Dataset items
● ● ● ● ● ● ●
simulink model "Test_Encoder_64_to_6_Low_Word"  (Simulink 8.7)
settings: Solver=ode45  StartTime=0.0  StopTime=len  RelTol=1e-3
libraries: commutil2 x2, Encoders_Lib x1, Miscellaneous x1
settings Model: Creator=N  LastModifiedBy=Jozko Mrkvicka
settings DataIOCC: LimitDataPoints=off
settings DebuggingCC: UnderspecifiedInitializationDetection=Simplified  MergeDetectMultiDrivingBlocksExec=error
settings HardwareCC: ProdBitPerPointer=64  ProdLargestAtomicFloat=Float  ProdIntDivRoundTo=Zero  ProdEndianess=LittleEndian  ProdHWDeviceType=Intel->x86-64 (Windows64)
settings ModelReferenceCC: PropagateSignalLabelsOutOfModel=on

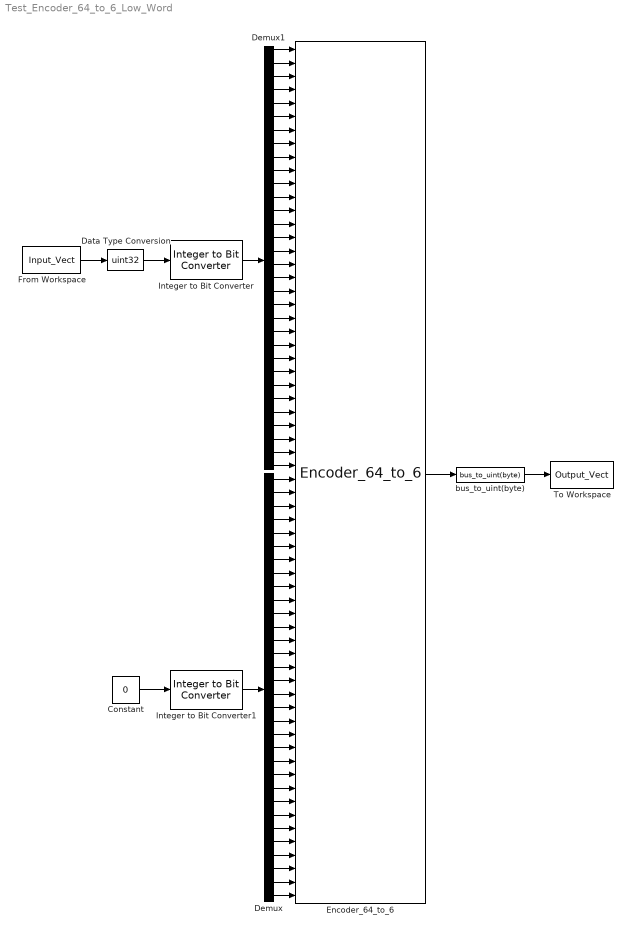
== system Test_Encoder_64_to_6_Low_Word ==
  Constant : Constant  Value=0  OutDataTypeStr=uint32
  Data Type Conversion : DataTypeConversion  OutDataTypeStr=uint32
  Demux : Demux  Outputs=32
  Demux1 : Demux  Outputs=32
  Encoder_64_to_6 : Encoders_Lib/Encoders_Lib/Encoder_64_to_6
  From Workspace : FromWorkspace  VariableName=Input_Vect  SampleTime=1  Interpolate=off  OutputAfterFinalValue=Holding final value
  Integer to Bit Converter : commutil2/Integer to Bit Converter  nbits=32  signedInputValues=Unsigned  bitOrder=MSB first  outDtype=boolean
  Integer to Bit Converter1 : commutil2/Integer to Bit Converter  nbits=32  signedInputValues=Unsigned  bitOrder=MSB first  outDtype=boolean
  To Workspace : ToWorkspace  VariableName=Output_Vect  SampleTime=1
  bus_to_uint(byte) : Miscellaneous/bus_to_uint(byte)
  wires:
  Encoder_64_to_6/1 -> bus_to_uint(byte)/1
  bus_to_uint(byte)/1 -> To Workspace/1
  Demux/1 -> Encoder_64_to_6/33
  Demux/2 -> Encoder_64_to_6/34
  Demux/3 -> Encoder_64_to_6/35
  Demux/4 -> Encoder_64_to_6/36
  Demux/5 -> Encoder_64_to_6/37
  Demux/6 -> Encoder_64_to_6/38
  Demux/7 -> Encoder_64_to_6/39
  Demux/8 -> Encoder_64_to_6/40
  Demux/9 -> Encoder_64_to_6/41
  Demux/10 -> Encoder_64_to_6/42
  Demux/11 -> Encoder_64_to_6/43
  Demux/12 -> Encoder_64_to_6/44
  Demux/13 -> Encoder_64_to_6/45
  Demux/14 -> Encoder_64_to_6/46
  Demux/15 -> Encoder_64_to_6/47
  Demux/16 -> Encoder_64_to_6/48
  Demux/17 -> Encoder_64_to_6/49
  Demux/18 -> Encoder_64_to_6/50
  Demux/19 -> Encoder_64_to_6/51
  Demux/20 -> Encoder_64_to_6/52
  Demux/21 -> Encoder_64_to_6/53
  Demux/22 -> Encoder_64_to_6/54
  Demux/23 -> Encoder_64_to_6/55
  Demux/24 -> Encoder_64_to_6/56
  Demux/25 -> Encoder_64_to_6/57
  Demux/26 -> Encoder_64_to_6/58
  Demux/27 -> Encoder_64_to_6/59
  Demux/28 -> Encoder_64_to_6/60
  Demux/29 -> Encoder_64_to_6/61
  Demux/30 -> Encoder_64_to_6/62
  Demux/31 -> Encoder_64_to_6/63
  Demux/32 -> Encoder_64_to_6/64
  Demux1/1 -> Encoder_64_to_6/1
  Demux1/2 -> Encoder_64_to_6/2
  Demux1/3 -> Encoder_64_to_6/3
  Demux1/4 -> Encoder_64_to_6/4
  Demux1/5 -> Encoder_64_to_6/5
  Demux1/6 -> Encoder_64_to_6/6
  Demux1/7 -> Encoder_64_to_6/7
  Demux1/8 -> Encoder_64_to_6/8
  Demux1/9 -> Encoder_64_to_6/9
  Demux1/10 -> Encoder_64_to_6/10
  Demux1/11 -> Encoder_64_to_6/11
  Demux1/12 -> Encoder_64_to_6/12
  Demux1/13 -> Encoder_64_to_6/13
  Demux1/14 -> Encoder_64_to_6/14
  Demux1/15 -> Encoder_64_to_6/15
  Demux1/16 -> Encoder_64_to_6/16
  Demux1/17 -> Encoder_64_to_6/17
  Demux1/18 -> Encoder_64_to_6/18
  Demux1/19 -> Encoder_64_to_6/19
  Demux1/20 -> Encoder_64_to_6/20
  Demux1/21 -> Encoder_64_to_6/21
  Demux1/22 -> Encoder_64_to_6/22
  Demux1/23 -> Encoder_64_to_6/23
  Demux1/24 -> Encoder_64_to_6/24
  Demux1/25 -> Encoder_64_to_6/25
  Demux1/26 -> Encoder_64_to_6/26
  Demux1/27 -> Encoder_64_to_6/27
  Demux1/28 -> Encoder_64_to_6/28
  Demux1/29 -> Encoder_64_to_6/29
  Demux1/30 -> Encoder_64_to_6/30
  Demux1/31 -> Encoder_64_to_6/31
  Demux1/32 -> Encoder_64_to_6/32
  Integer to Bit Converter/1 -> Demux1/1
  Data Type Conversion/1 -> Integer to Bit Converter/1
  From Workspace/1 -> Data Type Conversion/1
  Integer to Bit Converter1/1 -> Demux/1
  Constant/1 -> Integer to Bit Converter1/1
● ● ● ● ● ● ●
**Assignment**
Give each record above back word for word, but carry over none of the pictures.

**Written response**
simulink model "Test_Encoder_64_to_6_Low_Word"  (Simulink 8.7)
settings: Solver=ode45  StartTime=0.0  StopTime=len  RelTol=1e-3
libraries: commutil2 x2, Encoders_Lib x1, Miscellaneous x1
settings Model: Creator=N  LastModifiedBy=Jozko Mrkvicka
settings DataIOCC: LimitDataPoints=off
settings DebuggingCC: UnderspecifiedInitializationDetection=Simplified  MergeDetectMultiDrivingBlocksExec=error
settings HardwareCC: ProdBitPerPointer=64  ProdLargestAtomicFloat=Float  ProdIntDivRoundTo=Zero  ProdEndianess=LittleEndian  ProdHWDeviceType=Intel->x86-64 (Windows64)
settings ModelReferenceCC: PropagateSignalLabelsOutOfModel=on

== system Test_Encoder_64_to_6_Low_Word ==
  Constant : Constant  Value=0  OutDataTypeStr=uint32
  Data Type Conversion : DataTypeConversion  OutDataTypeStr=uint32
  Demux : Demux  Outputs=32
  Demux1 : Demux  Outputs=32
  Encoder_64_to_6 : Encoders_Lib/Encoders_Lib/Encoder_64_to_6
  From Workspace : FromWorkspace  VariableName=Input_Vect  SampleTime=1  Interpolate=off  OutputAfterFinalValue=Holding final value
  Integer to Bit Converter : commutil2/Integer to Bit Converter  nbits=32  signedInputValues=Unsigned  bitOrder=MSB first  outDtype=boolean
  Integer to Bit Converter1 : commutil2/Integer to Bit Converter  nbits=32  signedInputValues=Unsigned  bitOrder=MSB first  outDtype=boolean
  To Workspace : ToWorkspace  VariableName=Output_Vect  SampleTime=1
  bus_to_uint(byte) : Miscellaneous/bus_to_uint(byte)
  wires:
  Encoder_64_to_6/1 -> bus_to_uint(byte)/1
  bus_to_uint(byte)/1 -> To Workspace/1
  Demux/1 -> Encoder_64_to_6/33
  Demux/2 -> Encoder_64_to_6/34
  Demux/3 -> Encoder_64_to_6/35
  Demux/4 -> Encoder_64_to_6/36
  Demux/5 -> Encoder_64_to_6/37
  Demux/6 -> Encoder_64_to_6/38
  Demux/7 -> Encoder_64_to_6/39
  Demux/8 -> Encoder_64_to_6/40
  Demux/9 -> Encoder_64_to_6/41
  Demux/10 -> Encoder_64_to_6/42
  Demux/11 -> Encoder_64_to_6/43
  Demux/12 -> Encoder_64_to_6/44
  Demux/13 -> Encoder_64_to_6/45
  Demux/14 -> Encoder_64_to_6/46
  Demux/15 -> Encoder_64_to_6/47
  Demux/16 -> Encoder_64_to_6/48
  Demux/17 -> Encoder_64_to_6/49
  Demux/18 -> Encoder_64_to_6/50
  Demux/19 -> Encoder_64_to_6/51
  Demux/20 -> Encoder_64_to_6/52
  Demux/21 -> Encoder_64_to_6/53
  Demux/22 -> Encoder_64_to_6/54
  Demux/23 -> Encoder_64_to_6/55
  Demux/24 -> Encoder_64_to_6/56
  Demux/25 -> Encoder_64_to_6/57
  Demux/26 -> Encoder_64_to_6/58
  Demux/27 -> Encoder_64_to_6/59
  Demux/28 -> Encoder_64_to_6/60
  Demux/29 -> Encoder_64_to_6/61
  Demux/30 -> Encoder_64_to_6/62
  Demux/31 -> Encoder_64_to_6/63
  Demux/32 -> Encoder_64_to_6/64
  Demux1/1 -> Encoder_64_to_6/1
  Demux1/2 -> Encoder_64_to_6/2
  Demux1/3 -> Encoder_64_to_6/3
  Demux1/4 -> Encoder_64_to_6/4
  Demux1/5 -> Encoder_64_to_6/5
  Demux1/6 -> Encoder_64_to_6/6
  Demux1/7 -> Encoder_64_to_6/7
  Demux1/8 -> Encoder_64_to_6/8
  Demux1/9 -> Encoder_64_to_6/9
  Demux1/10 -> Encoder_64_to_6/10
  Demux1/11 -> Encoder_64_to_6/11
  Demux1/12 -> Encoder_64_to_6/12
  Demux1/13 -> Encoder_64_to_6/13
  Demux1/14 -> Encoder_64_to_6/14
  Demux1/15 -> Encoder_64_to_6/15
  Demux1/16 -> Encoder_64_to_6/16
  Demux1/17 -> Encoder_64_to_6/17
  Demux1/18 -> Encoder_64_to_6/18
  Demux1/19 -> Encoder_64_to_6/19
  Demux1/20 -> Encoder_64_to_6/20
  Demux1/21 -> Encoder_64_to_6/21
  Demux1/22 -> Encoder_64_to_6/22
  Demux1/23 -> Encoder_64_to_6/23
  Demux1/24 -> Encoder_64_to_6/24
  Demux1/25 -> Encoder_64_to_6/25
  Demux1/26 -> Encoder_64_to_6/26
  Demux1/27 -> Encoder_64_to_6/27
  Demux1/28 -> Encoder_64_to_6/28
  Demux1/29 -> Encoder_64_to_6/29
  Demux1/30 -> Encoder_64_to_6/30
  Demux1/31 -> Encoder_64_to_6/31
  Demux1/32 -> Encoder_64_to_6/32
  Integer to Bit Converter/1 -> Demux1/1
  Data Type Conversion/1 -> Integer to Bit Converter/1
  From Workspace/1 -> Data Type Conversion/1
  Integer to Bit Converter1/1 -> Demux/1
  Constant/1 -> Integer to Bit Converter1/1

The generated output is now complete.